#### [Input]
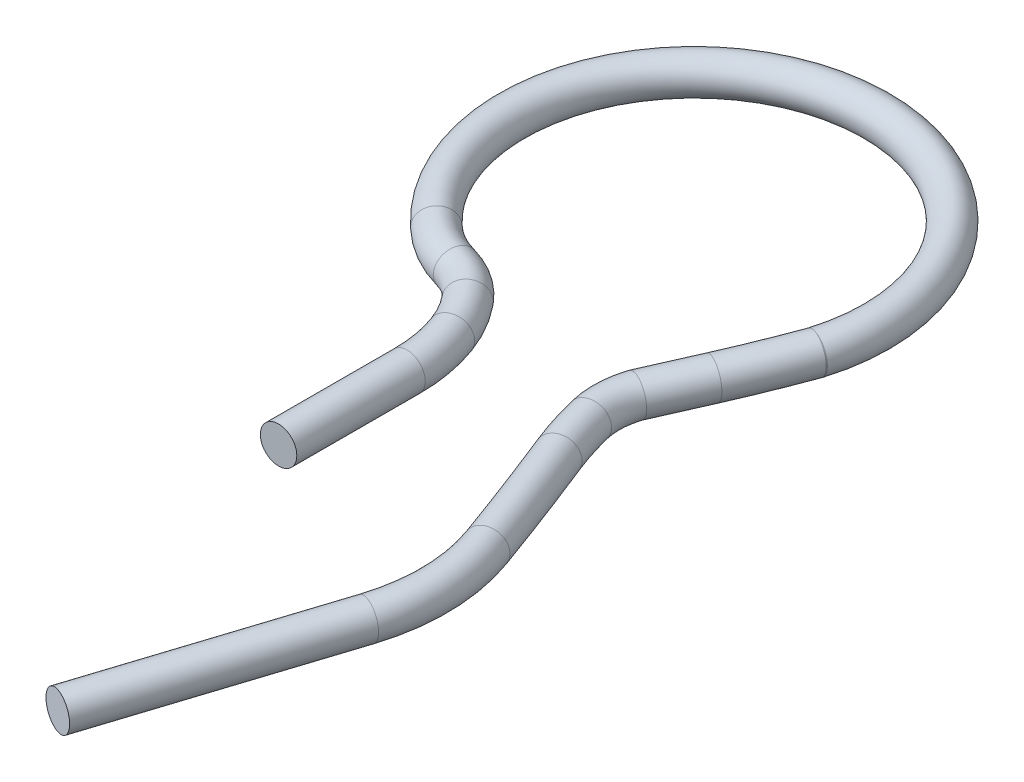
ISO-10303-21;
HEADER;
FILE_DESCRIPTION(('STEP AP214'),'2;1');
FILE_NAME('part.step','',(''),(''),'','','');
FILE_SCHEMA(('AUTOMOTIVE_DESIGN { 1 0 10303 214 1 1 1 1 }'));
ENDSEC;
DATA;
#1=APPLICATION_CONTEXT('core data for automotive mechanical design processes');
#2=APPLICATION_PROTOCOL_DEFINITION('international standard','automotive_design',2000,#1);
#3=PRODUCT_CONTEXT('',#1,'mechanical');
#4=PRODUCT('Part','Part','',(#3));
#5=PRODUCT_RELATED_PRODUCT_CATEGORY('part','',(#4));
#6=PRODUCT_DEFINITION_FORMATION('','',#4);
#7=PRODUCT_DEFINITION_CONTEXT('part definition',#1,'design');
#8=PRODUCT_DEFINITION('design','',#6,#7);
#9=PRODUCT_DEFINITION_SHAPE('','',#8);
#10=(LENGTH_UNIT() NAMED_UNIT(*) SI_UNIT(.MILLI.,.METRE.));
#11=(NAMED_UNIT(*) PLANE_ANGLE_UNIT() SI_UNIT($,.RADIAN.));
#12=(NAMED_UNIT(*) SI_UNIT($,.STERADIAN.) SOLID_ANGLE_UNIT());
#13=UNCERTAINTY_MEASURE_WITH_UNIT(LENGTH_MEASURE(1.E-05),#10,'distance_accuracy_value','');
#14=(GEOMETRIC_REPRESENTATION_CONTEXT(3) GLOBAL_UNCERTAINTY_ASSIGNED_CONTEXT((#13)) GLOBAL_UNIT_ASSIGNED_CONTEXT((#10,
#11,#12)) REPRESENTATION_CONTEXT('',''));
#15=CARTESIAN_POINT('',(0.,0.,0.));
#16=DIRECTION('',(0.,0.,1.));
#17=DIRECTION('',(1.,0.,0.));
#18=AXIS2_PLACEMENT_3D('',#15,#16,#17);
#19=CARTESIAN_POINT('',(1.30965941968045,0.,4.01059063150241));
#20=DIRECTION('',(0.305718727422765,0.,-0.952121872295246));
#21=DIRECTION('',(0.,-1.,0.));
#22=AXIS2_PLACEMENT_3D('',#19,#20,#21);
#23=PLANE('',#22);
#24=CARTESIAN_POINT('',(1.30965941968045,0.,4.01059063150241));
#25=DIRECTION('',(-0.305718727422766,0.,0.952121872295246));
#26=DIRECTION('',(0.884022965308167,0.371390676354104,0.283852712379142));
#27=AXIS2_PLACEMENT_3D('',#24,#25,#26);
#28=CIRCLE('',#27,0.2);
#29=CARTESIAN_POINT('',(1.13285482661882,-0.0742781352708209,3.95382008902658));
#30=VERTEX_POINT('',#29);
#31=EDGE_CURVE('E11',#30,#30,#28,.T.);
#32=ORIENTED_EDGE('',*,*,#31,.T.);
#33=EDGE_LOOP('',(#32));
#34=FACE_BOUND('',#33,.T.);
#35=ADVANCED_FACE('F16',(#34),#23,.F.);
#36=CARTESIAN_POINT('',(1.30965941968045,0.,4.01059063150241));
#37=DIRECTION('',(0.305718727422765,0.,-0.952121872295246));
#38=DIRECTION('',(0.884022965308168,0.371390676354104,0.283852712379141));
#39=AXIS2_PLACEMENT_3D('',#36,#37,#38);
#40=CYLINDRICAL_SURFACE('',#39,0.2);
#41=CARTESIAN_POINT('',(2.13283226718062,0.,1.44692408941113));
#42=DIRECTION('',(0.305718727422766,0.,-0.952121872295246));
#43=DIRECTION('',(0.884022965308167,0.371390676354104,0.283852712379142));
#44=AXIS2_PLACEMENT_3D('',#41,#42,#43);
#45=CIRCLE('',#44,0.2);
#46=CARTESIAN_POINT('',(1.95602767411898,-0.0742781352708209,1.3901535469353));
#47=VERTEX_POINT('',#46);
#48=CARTESIAN_POINT('',(1.94240789272157,0.,1.38578034392658));
#49=VERTEX_POINT('',#48);
#50=EDGE_CURVE('E246',#47,#49,#45,.T.);
#51=ORIENTED_EDGE('',*,*,#50,.F.);
#52=DIRECTION('',(-0.305718727422765,0.,0.952121872295246));
#53=VECTOR('',#52,1.);
#54=CARTESIAN_POINT('',(1.13285482661882,-0.0742781352708209,3.95382008902658));
#55=LINE('',#54,#53);
#56=EDGE_CURVE('E27',#47,#30,#55,.T.);
#57=ORIENTED_EDGE('',*,*,#56,.T.);
#58=ORIENTED_EDGE('',*,*,#31,.F.);
#59=ORIENTED_EDGE('',*,*,#56,.F.);
#60=CARTESIAN_POINT('',(2.13283226718062,0.,1.44692408941113));
#61=DIRECTION('',(0.305718727422766,0.,-0.952121872295246));
#62=DIRECTION('',(0.884022965308167,0.371390676354104,0.283852712379142));
#63=AXIS2_PLACEMENT_3D('',#60,#61,#62);
#64=CIRCLE('',#63,0.2);
#65=EDGE_CURVE('E249',#49,#47,#64,.T.);
#66=ORIENTED_EDGE('',*,*,#65,.F.);
#67=EDGE_LOOP('',(#51,#57,#58,#59,#66));
#68=FACE_BOUND('',#67,.T.);
#69=ADVANCED_FACE('F354',(#68),#40,.T.);
#70=CARTESIAN_POINT('',(0.157245129542019,0.,0.812578840965495));
#71=DIRECTION('',(0.,1.,0.));
#72=DIRECTION('',(0.,0.,1.));
#73=AXIS2_PLACEMENT_3D('',#70,#71,#72);
#74=TOROIDAL_SURFACE('',#73,2.07493094647235,0.2);
#75=CARTESIAN_POINT('',(2.10918879830685,0.,0.108835743949608));
#76=DIRECTION('',(-0.339164586760027,0.,-0.940727050258416));
#77=DIRECTION('',(0.873443138650185,0.371390676354104,-0.314906413180416));
#78=AXIS2_PLACEMENT_3D('',#75,#76,#77);
#79=CIRCLE('',#78,0.2);
#80=CARTESIAN_POINT('',(1.92104338825517,0.,0.17666866130161));
#81=VERTEX_POINT('',#80);
#82=EDGE_CURVE('E181',#81,#81,#79,.T.);
#83=ORIENTED_EDGE('',*,*,#82,.F.);
#84=CARTESIAN_POINT('',(0.157245129542019,0.,0.812578840965495));
#85=DIRECTION('',(0.,-1.,0.));
#86=DIRECTION('',(0.,0.,1.));
#87=AXIS2_PLACEMENT_3D('',#84,#85,#86);
#88=CIRCLE('',#87,1.87493094647234);
#89=EDGE_CURVE('E202',#81,#49,#88,.T.);
#90=ORIENTED_EDGE('',*,*,#89,.T.);
#91=ORIENTED_EDGE('',*,*,#65,.T.);
#92=ORIENTED_EDGE('',*,*,#50,.T.);
#93=ORIENTED_EDGE('',*,*,#89,.F.);
#94=EDGE_LOOP('',(#83,#90,#91,#92,#93));
#95=FACE_BOUND('',#94,.T.);
#96=ADVANCED_FACE('F358',(#95),#74,.T.);
#97=CARTESIAN_POINT('',(-33.9304438313259,0.,13.1023678258164));
#98=DIRECTION('',(0.,1.,0.));
#99=DIRECTION('',(0.,0.,1.));
#100=AXIS2_PLACEMENT_3D('',#97,#98,#99);
#101=TOROIDAL_SURFACE('',#100,38.3104032351709,0.2);
#102=CARTESIAN_POINT('',(1.62576644794548,0.,-1.16097352947715));
#103=DIRECTION('',(-0.372309872797137,0.,-0.928108484293609));
#104=DIRECTION('',(0.861727094279463,0.371390676354104,-0.345681038678597));
#105=AXIS2_PLACEMENT_3D('',#102,#103,#104);
#106=CIRCLE('',#105,0.2);
#107=CARTESIAN_POINT('',(1.81138814480421,0.,-1.23543550403657));
#108=VERTEX_POINT('',#107);
#109=CARTESIAN_POINT('',(1.44014475108676,0.,-1.08651155491772));
#110=VERTEX_POINT('',#109);
#111=EDGE_CURVE('E214',#108,#110,#106,.T.);
#112=ORIENTED_EDGE('',*,*,#111,.F.);
#113=CARTESIAN_POINT('',(1.62576644794548,0.,-1.16097352947715));
#114=DIRECTION('',(-0.372309872797137,0.,-0.928108484293609));
#115=DIRECTION('',(0.861727094279463,0.371390676354104,-0.345681038678597));
#116=AXIS2_PLACEMENT_3D('',#113,#114,#115);
#117=CIRCLE('',#116,0.2);
#118=EDGE_CURVE('E182',#110,#108,#117,.T.);
#119=ORIENTED_EDGE('',*,*,#118,.F.);
#120=CARTESIAN_POINT('',(-33.9304438313259,0.,13.1023678258164));
#121=DIRECTION('',(0.,-1.,0.));
#122=DIRECTION('',(0.,0.,1.));
#123=AXIS2_PLACEMENT_3D('',#120,#121,#122);
#124=CIRCLE('',#123,38.1104032351708);
#125=EDGE_CURVE('E178',#110,#81,#124,.T.);
#126=ORIENTED_EDGE('',*,*,#125,.T.);
#127=ORIENTED_EDGE('',*,*,#82,.T.);
#128=ORIENTED_EDGE('',*,*,#125,.F.);
#129=EDGE_LOOP('',(#112,#119,#126,#127,#128));
#130=FACE_BOUND('',#129,.T.);
#131=ADVANCED_FACE('F361',(#130),#101,.T.);
#132=CARTESIAN_POINT('',(5.09586676948779,0.,-2.55300111156554));
#133=DIRECTION('',(0.,-1.,0.));
#134=DIRECTION('',(0.,0.,-1.));
#135=AXIS2_PLACEMENT_3D('',#132,#133,#134);
#136=TOROIDAL_SURFACE('',#135,3.73889516179083,0.2);
#137=CARTESIAN_POINT('',(1.46419556721494,0.,-1.6640121861874));
#138=DIRECTION('',(-0.237767812925813,0.,-0.971322020308649));
#139=DIRECTION('',(0.901849855200159,0.371390676354104,-0.220761872144384));
#140=AXIS2_PLACEMENT_3D('',#137,#138,#139);
#141=CIRCLE('',#140,0.2);
#142=CARTESIAN_POINT('',(1.65845997127667,0.,-1.71156574877257));
#143=VERTEX_POINT('',#142);
#144=EDGE_CURVE('E193',#143,#143,#141,.T.);
#145=ORIENTED_EDGE('',*,*,#144,.F.);
#146=CARTESIAN_POINT('',(5.09586676948779,0.,-2.55300111156554));
#147=DIRECTION('',(0.,1.,0.));
#148=DIRECTION('',(0.,0.,-1.));
#149=AXIS2_PLACEMENT_3D('',#146,#147,#148);
#150=CIRCLE('',#149,3.53889516179083);
#151=EDGE_CURVE('E197',#143,#108,#150,.T.);
#152=ORIENTED_EDGE('',*,*,#151,.T.);
#153=ORIENTED_EDGE('',*,*,#111,.T.);
#154=ORIENTED_EDGE('',*,*,#118,.T.);
#155=ORIENTED_EDGE('',*,*,#151,.F.);
#156=EDGE_LOOP('',(#145,#152,#153,#154,#155));
#157=FACE_BOUND('',#156,.T.);
#158=ADVANCED_FACE('F365',(#157),#136,.T.);
#159=CARTESIAN_POINT('',(2.32539824202658,0.,-1.87482412310918));
#160=DIRECTION('',(0.,-1.,0.));
#161=DIRECTION('',(0.,0.,-1.));
#162=AXIS2_PLACEMENT_3D('',#159,#160,#161);
#163=TOROIDAL_SURFACE('',#162,0.88662941517379,0.2);
#164=CARTESIAN_POINT('',(1.48400451257575,0.,-2.15441008822946));
#165=DIRECTION('',(0.315335765242673,0.,-0.948980165840582));
#166=DIRECTION('',(0.881105964095408,0.371390676354104,0.292781907830288));
#167=AXIS2_PLACEMENT_3D('',#164,#165,#166);
#168=CIRCLE('',#167,0.2);
#169=CARTESIAN_POINT('',(1.48400451257358,-0.2,-2.15441008823041));
#170=VERTEX_POINT('',#169);
#171=CARTESIAN_POINT('',(1.48400451257356,0.2,-2.15441008823042));
#172=VERTEX_POINT('',#171);
#173=EDGE_CURVE('E192',#170,#172,#168,.T.);
#174=ORIENTED_EDGE('',*,*,#173,.F.);
#175=CARTESIAN_POINT('',(1.48400451257583,-0.2,-2.15441008822967));
#176=CARTESIAN_POINT('',(1.48578060862131,-0.2,-2.15372561519913));
#177=CARTESIAN_POINT('',(1.48755666695329,-0.19997288740284,-2.1530413111413));
#178=CARTESIAN_POINT('',(1.51174878811144,-0.199234151677348,-2.14372236191363));
#179=CARTESIAN_POINT('',(1.53387871823993,-0.194235019761009,-2.13522343845121));
#180=CARTESIAN_POINT('',(1.57712366284935,-0.175350305505054,-2.11866411728117));
#181=CARTESIAN_POINT('',(1.59760395618544,-0.160955834098276,-2.11085087072473));
#182=CARTESIAN_POINT('',(1.63222914072119,-0.124663063252035,-2.09767475281949));
#183=CARTESIAN_POINT('',(1.64606987307445,-0.103133403968921,-2.09242656311147));
#184=CARTESIAN_POINT('',(1.66533472819364,-0.0555602976679364,-2.08513007083159));
#185=CARTESIAN_POINT('',(1.67055030321535,-0.0299591563426975,-2.08315981224146));
#186=CARTESIAN_POINT('',(1.67106254610195,-0.00267092483889818,-2.08296616940297));
#187=CARTESIAN_POINT('',(1.67107507019446,-0.00133516576757789,-2.08296143496233));
#188=CARTESIAN_POINT('',(1.67107507019446,0.,-2.08296143496233));
#189=(BOUNDED_CURVE() B_SPLINE_CURVE(3,(#175,#176,#177,#178,#179,#180,#181,#182,#183,#184,#185,
#186,#187,#188),.UNSPECIFIED.,.F.,.F.) B_SPLINE_CURVE_WITH_KNOTS((4,2,2,2,2,2,4),
(-0.0624920304351753,-0.0619210025117415,-0.054711384675478,-0.046917996652376,
-0.0391523803137643,-0.0313648149590902,-0.0309638682380761),
.UNSPECIFIED.) CURVE() GEOMETRIC_REPRESENTATION_ITEM() RATIONAL_B_SPLINE_CURVE((1.,1.,1.,1.,1.,
1.,1.,1.,1.,1.,1.,1.,1.,1.)) REPRESENTATION_ITEM(''));
#190=CARTESIAN_POINT('',(1.67107507019446,0.,-2.08296143496233));
#191=VERTEX_POINT('',#190);
#192=EDGE_CURVE('E226',#170,#191,#189,.T.);
#193=ORIENTED_EDGE('',*,*,#192,.T.);
#194=CARTESIAN_POINT('',(2.32539824202658,0.,-1.87482412310918));
#195=DIRECTION('',(0.,1.,0.));
#196=DIRECTION('',(0.,0.,-1.));
#197=AXIS2_PLACEMENT_3D('',#194,#195,#196);
#198=CIRCLE('',#197,0.68662941517379);
#199=EDGE_CURVE('E198',#191,#143,#198,.T.);
#200=ORIENTED_EDGE('',*,*,#199,.T.);
#201=ORIENTED_EDGE('',*,*,#144,.T.);
#202=ORIENTED_EDGE('',*,*,#199,.F.);
#203=CARTESIAN_POINT('',(1.67107507019446,0.,-2.08296143496233));
#204=CARTESIAN_POINT('',(1.67107507019446,0.0247716265666682,-2.08296143496233));
#205=CARTESIAN_POINT('',(1.66676342446373,0.0493390249155255,-2.08459015269103));
#206=CARTESIAN_POINT('',(1.64946428898982,0.096870265843045,-2.09114001327555));
#207=CARTESIAN_POINT('',(1.63616981135731,0.119186991541913,-2.09617864318306));
#208=CARTESIAN_POINT('',(1.6023470496525,0.157028937007749,-2.10904328177535));
#209=CARTESIAN_POINT('',(1.5821608687692,0.172205322085025,-2.1167400934564));
#210=CARTESIAN_POINT('',(1.53758664489708,0.193362839445929,-2.13379979763965));
#211=CARTESIAN_POINT('',(1.51363686866358,0.199176496850499,-2.14299506203414));
#212=CARTESIAN_POINT('',(1.48755666695328,0.19997288740284,-2.1530413111413));
#213=CARTESIAN_POINT('',(1.4857806086213,0.2,-2.15372561519913));
#214=CARTESIAN_POINT('',(1.48400451257582,0.2,-2.15441008822967));
#215=(BOUNDED_CURVE() B_SPLINE_CURVE(3,(#203,#204,#205,#206,#207,#208,#209,#210,#211,#212,#213,
#214),.UNSPECIFIED.,.F.,.F.) B_SPLINE_CURVE_WITH_KNOTS((4,2,2,2,2,4),(-0.0309638682380761,
-0.0235250148108294,-0.0156621074020902,-0.00781684788490953,0.,0.000571027008389071),
.UNSPECIFIED.) CURVE() GEOMETRIC_REPRESENTATION_ITEM() RATIONAL_B_SPLINE_CURVE((1.,1.,1.,1.,1.,
1.,1.,1.,1.,1.,1.,1.)) REPRESENTATION_ITEM(''));
#216=EDGE_CURVE('E191',#191,#172,#215,.T.);
#217=ORIENTED_EDGE('',*,*,#216,.T.);
#218=EDGE_LOOP('',(#174,#193,#200,#201,#202,#217));
#219=FACE_BOUND('',#218,.T.);
#220=ADVANCED_FACE('F18',(#219),#163,.T.);
#221=CARTESIAN_POINT('',(1.48400451257572,0.,-2.15441008822947));
#222=DIRECTION('',(0.403071104005435,0.,-0.915168664845907));
#223=DIRECTION('',(0.849712773538008,0.371390676354104,0.374242124838434));
#224=AXIS2_PLACEMENT_3D('',#221,#222,#223);
#225=CYLINDRICAL_SURFACE('',#224,0.2);
#226=CARTESIAN_POINT('',(1.7400986812075,0.,-2.7358691808128));
#227=DIRECTION('',(0.403071104005439,0.,-0.915168664845905));
#228=DIRECTION('',(0.849712773538007,0.371390676354103,0.374242124838439));
#229=AXIS2_PLACEMENT_3D('',#226,#227,#228);
#230=CIRCLE('',#229,0.2);
#231=CARTESIAN_POINT('',(1.5701561264999,-0.074278135270821,-2.81071760578049));
#232=VERTEX_POINT('',#231);
#233=CARTESIAN_POINT('',(1.55706494823832,0.,-2.81648340161389));
#234=VERTEX_POINT('',#233);
#235=EDGE_CURVE('E307',#232,#234,#230,.T.);
#236=ORIENTED_EDGE('',*,*,#235,.F.);
#237=DIRECTION('',(-0.403071104005435,0.,0.915168664845907));
#238=VECTOR('',#237,1.);
#239=CARTESIAN_POINT('',(1.31406195786812,-0.0742781352708209,-2.22925851319715));
#240=LINE('',#239,#238);
#241=CARTESIAN_POINT('',(1.3105392499104,-0.0742781352708209,-2.22126024215695));
#242=VERTEX_POINT('',#241);
#243=EDGE_CURVE('E188',#232,#242,#240,.T.);
#244=ORIENTED_EDGE('',*,*,#243,.T.);
#245=CARTESIAN_POINT('',(1.48400451257581,0.,-2.15441008822966));
#246=DIRECTION('',(-0.359601045390018,0.,0.933106150528656));
#247=DIRECTION('',(0.933106150528656,0.,0.359601045390018));
#248=AXIS2_PLACEMENT_3D('',#245,#246,#247);
#249=ELLIPSE('',#248,0.200221384723887,0.2);
#250=EDGE_CURVE('E323',#172,#242,#249,.T.);
#251=ORIENTED_EDGE('',*,*,#250,.F.);
#252=ORIENTED_EDGE('',*,*,#216,.F.);
#253=ORIENTED_EDGE('',*,*,#192,.F.);
#254=CARTESIAN_POINT('',(1.48400451257581,0.,-2.15441008822966));
#255=DIRECTION('',(-0.359601045390018,0.,0.933106150528656));
#256=DIRECTION('',(0.933106150528656,0.,0.359601045390018));
#257=AXIS2_PLACEMENT_3D('',#254,#255,#256);
#258=ELLIPSE('',#257,0.200221384723887,0.2);
#259=EDGE_CURVE('E328',#242,#170,#258,.T.);
#260=ORIENTED_EDGE('',*,*,#259,.F.);
#261=ORIENTED_EDGE('',*,*,#243,.F.);
#262=CARTESIAN_POINT('',(1.7400986812075,0.,-2.7358691808128));
#263=DIRECTION('',(0.403071104005439,0.,-0.915168664845905));
#264=DIRECTION('',(0.849712773538007,0.371390676354103,0.374242124838439));
#265=AXIS2_PLACEMENT_3D('',#262,#263,#264);
#266=CIRCLE('',#265,0.2);
#267=EDGE_CURVE('E304',#234,#232,#266,.T.);
#268=ORIENTED_EDGE('',*,*,#267,.F.);
#269=EDGE_LOOP('',(#236,#244,#251,#252,#253,#260,#261,#268));
#270=FACE_BOUND('',#269,.T.);
#271=ADVANCED_FACE('F373',(#270),#225,.T.);
#272=CARTESIAN_POINT('',(1.48400451257588,0.,-2.15441008822987));
#273=DIRECTION('',(-0.315335765242668,0.,0.948980165840583));
#274=DIRECTION('',(-0.948980165840583,0.,-0.315335765242668));
#275=AXIS2_PLACEMENT_3D('',#272,#273,#274);
#276=CYLINDRICAL_SURFACE('',#275,0.2);
#277=ORIENTED_EDGE('',*,*,#250,.T.);
#278=ORIENTED_EDGE('',*,*,#259,.T.);
#279=ORIENTED_EDGE('',*,*,#173,.T.);
#280=EDGE_LOOP('',(#277,#278,#279));
#281=FACE_BOUND('',#280,.T.);
#282=ADVANCED_FACE('F375',(#281),#276,.T.);
#283=CARTESIAN_POINT('',(-10.8133379312037,0.,-8.26482548011862));
#284=DIRECTION('',(0.,1.,0.));
#285=DIRECTION('',(0.,0.,1.));
#286=AXIS2_PLACEMENT_3D('',#283,#284,#285);
#287=TOROIDAL_SURFACE('',#286,13.7170743433671,0.2);
#288=CARTESIAN_POINT('',(1.88762649799699,-0.0742781352708214,-3.59752215268466));
#289=CARTESIAN_POINT('',(1.89662518851102,-0.0979936211154166,-3.59450772619743));
#290=CARTESIAN_POINT('',(1.90985162941434,-0.119676655828388,-3.59007617969019));
#291=CARTESIAN_POINT('',(1.94366042269539,-0.156989573799479,-3.57874027745958));
#292=CARTESIAN_POINT('',(1.96405644645199,-0.172130692360627,-3.57189808649769));
#293=CARTESIAN_POINT('',(2.00920122163197,-0.193315406566222,-3.55674076044501));
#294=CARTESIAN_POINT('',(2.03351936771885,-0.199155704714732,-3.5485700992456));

#### [Assignment]
Only the lines from the one holding "#286=AXIS2_PLACEMENT_3D('',#283,#284,#285);" through the end of the listing should appear in the response, each restated exactly.

#### [Result for this task]
#286=AXIS2_PLACEMENT_3D('',#283,#284,#285);
#287=TOROIDAL_SURFACE('',#286,13.7170743433671,0.2);
#288=CARTESIAN_POINT('',(1.88762649799699,-0.0742781352708214,-3.59752215268466));
#289=CARTESIAN_POINT('',(1.89662518851102,-0.0979936211154166,-3.59450772619743));
#290=CARTESIAN_POINT('',(1.90985162941434,-0.119676655828388,-3.59007617969019));
#291=CARTESIAN_POINT('',(1.94366042269539,-0.156989573799479,-3.57874027745958));
#292=CARTESIAN_POINT('',(1.96405644645199,-0.172130692360627,-3.57189808649769));
#293=CARTESIAN_POINT('',(2.00920122163197,-0.193315406566222,-3.55674076044501));
#294=CARTESIAN_POINT('',(2.03351936771885,-0.199155704714732,-3.5485700992456));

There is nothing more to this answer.